Round Trip Distance: 3 miles
Elevation: 4567 - 4791 feet
Cellphone: 1-4 bars
Usage: Hiking - Equestrian - Dogs
Time: 2 hrs.
Facilities: Vault Toilet
Trailhead: Devils Canyon
View Devils Canyon D4 in a larger map
The Devils Canyon trail system is located in the McInnis Canyons National Conservation Area located south of Fruita, Colorado. The D4 trail forms a loop as it follows along the base of the Entrada sandstone cliffs. The trail is popular with hikers, runners and dog owners. We spent 2 hours hiking but we had a toddler in tow. Besides a slower pace a good deal of time was spent inspecting ants and lizards.
The trail begins by passing through a green Powder River gate on the service road. There is another kiosk about a quarter mile from the trailhead. A map of the Devils Canyon and Kodels Canyon trail systems are available most of the time. The trails are very well marked but a map is nice to understand how they all interconnect.
After the trail passes the second kiosk it crosses a bridge that spans a wash. We checked under the bridge for trolls but we didn't see anything. Just past the bridge the trail splits. The can take the left for to get to the Devils Canyon D3 Cabin Route or if you want to take the D4 trail in a clockwise direction. We took the right fork that pointed to the D5 Trail.
We only had to follow the D5 trail around a bend in the trail and we were at the fork where the D4 trail begins. The D4 trail crosses over to the base of the cliffs while the D5 trail travels, up above, along the rim.
The trail loops around each point in the cliffs and then turns up each of the canyons. About a mile from the trailhead there is a fork in the trail at the mouth of one of the canyons. If you take the cutoff it will skip that canyon and shorten the hike by a little over half a mile. The upper end of the canyon had more wildflowers than anywhere else on the hike and it was also pretty fun to hike.

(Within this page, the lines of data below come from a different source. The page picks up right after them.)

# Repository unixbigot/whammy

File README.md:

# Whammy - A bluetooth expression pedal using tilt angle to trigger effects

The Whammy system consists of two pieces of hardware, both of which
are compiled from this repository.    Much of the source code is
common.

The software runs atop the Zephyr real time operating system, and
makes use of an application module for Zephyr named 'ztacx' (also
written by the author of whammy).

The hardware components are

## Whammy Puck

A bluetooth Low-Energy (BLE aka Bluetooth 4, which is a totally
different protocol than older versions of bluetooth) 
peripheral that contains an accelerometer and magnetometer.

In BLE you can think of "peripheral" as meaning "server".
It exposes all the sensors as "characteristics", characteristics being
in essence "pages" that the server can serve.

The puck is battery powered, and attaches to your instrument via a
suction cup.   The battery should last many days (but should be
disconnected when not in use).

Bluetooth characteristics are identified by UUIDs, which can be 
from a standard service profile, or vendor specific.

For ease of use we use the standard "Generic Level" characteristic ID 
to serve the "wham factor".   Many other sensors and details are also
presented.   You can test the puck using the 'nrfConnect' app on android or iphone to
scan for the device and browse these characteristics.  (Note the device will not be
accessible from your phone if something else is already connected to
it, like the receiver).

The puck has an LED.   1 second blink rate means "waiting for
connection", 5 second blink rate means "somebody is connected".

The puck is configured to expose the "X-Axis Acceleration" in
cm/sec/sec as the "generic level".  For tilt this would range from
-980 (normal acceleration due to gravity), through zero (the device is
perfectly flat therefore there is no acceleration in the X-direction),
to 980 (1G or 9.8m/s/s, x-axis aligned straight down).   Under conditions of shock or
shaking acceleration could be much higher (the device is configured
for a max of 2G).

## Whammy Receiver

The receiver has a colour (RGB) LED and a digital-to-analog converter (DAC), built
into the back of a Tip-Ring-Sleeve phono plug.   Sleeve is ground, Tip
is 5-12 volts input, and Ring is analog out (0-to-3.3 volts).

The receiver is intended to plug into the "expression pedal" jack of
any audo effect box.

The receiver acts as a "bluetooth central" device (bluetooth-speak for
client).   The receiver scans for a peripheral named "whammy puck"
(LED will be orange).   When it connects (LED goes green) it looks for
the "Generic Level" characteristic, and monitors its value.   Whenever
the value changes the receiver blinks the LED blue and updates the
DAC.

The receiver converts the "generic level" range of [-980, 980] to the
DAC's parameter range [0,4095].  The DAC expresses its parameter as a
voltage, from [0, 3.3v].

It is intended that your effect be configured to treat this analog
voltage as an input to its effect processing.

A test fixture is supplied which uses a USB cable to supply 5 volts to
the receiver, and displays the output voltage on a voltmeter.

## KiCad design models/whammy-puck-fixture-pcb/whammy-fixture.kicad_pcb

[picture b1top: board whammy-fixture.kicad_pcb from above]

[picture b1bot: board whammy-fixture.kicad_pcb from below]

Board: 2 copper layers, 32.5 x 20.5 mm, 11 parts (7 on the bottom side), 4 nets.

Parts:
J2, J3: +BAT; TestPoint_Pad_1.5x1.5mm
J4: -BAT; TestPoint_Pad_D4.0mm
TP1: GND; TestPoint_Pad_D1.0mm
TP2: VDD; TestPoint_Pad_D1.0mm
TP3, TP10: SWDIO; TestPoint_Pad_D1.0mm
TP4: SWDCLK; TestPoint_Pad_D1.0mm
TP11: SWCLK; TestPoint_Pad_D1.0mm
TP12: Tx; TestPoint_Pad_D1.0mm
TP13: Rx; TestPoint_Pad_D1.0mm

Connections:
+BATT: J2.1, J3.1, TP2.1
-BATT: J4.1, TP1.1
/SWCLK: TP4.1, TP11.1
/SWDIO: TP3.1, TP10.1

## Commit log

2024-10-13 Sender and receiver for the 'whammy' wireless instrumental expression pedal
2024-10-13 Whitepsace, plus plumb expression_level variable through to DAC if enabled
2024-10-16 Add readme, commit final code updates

There was a cave in the cliff, in the next canyon, that had been closed off at one time. There weren't any windows or holes for a smoke stack so it wasn't evident what it had been used for. It reminded me of an old pill box. We checked it for bats but there weren't any current occupants.
The trail meets up with the D1 trail where it heads back to the trailhead. In the background is a view up Devils Canyon. If you would like to take a longer hike next time the Devils Canyon D3 Cabin Route is a spectacular hike.
We took a picture of a Western Meadowlark the had snagged itself a very big bug. It looked like it was waiting for the bug to give up the struggle so it could chow down without it getting away.
A Collard Lizard caught our grandsons eye. The lizard seemed as curious as our grandson. The lizard would let him almost touch him before he would move off a little bit and they would do it all over again.
Our short little hike ended back at the trailhead after a couple of hours. Speaking of little, our toddling grandson had a good time making friends with a Collard Lizard, stomping some ants, smelling flowers and tossing rocks off the trail.
On the drive out we took some pics of a Western Kingbird. Besides the Meadowlark the Kingbird is another common bird in our area that catches your eye with a flash of yellow. The trails at Devils Canyon are a good place to visit after work or on the weekend. The trails can be hiked most any time of the year. If you would like to see them for yourself then all you have to do is 'Take a hike'.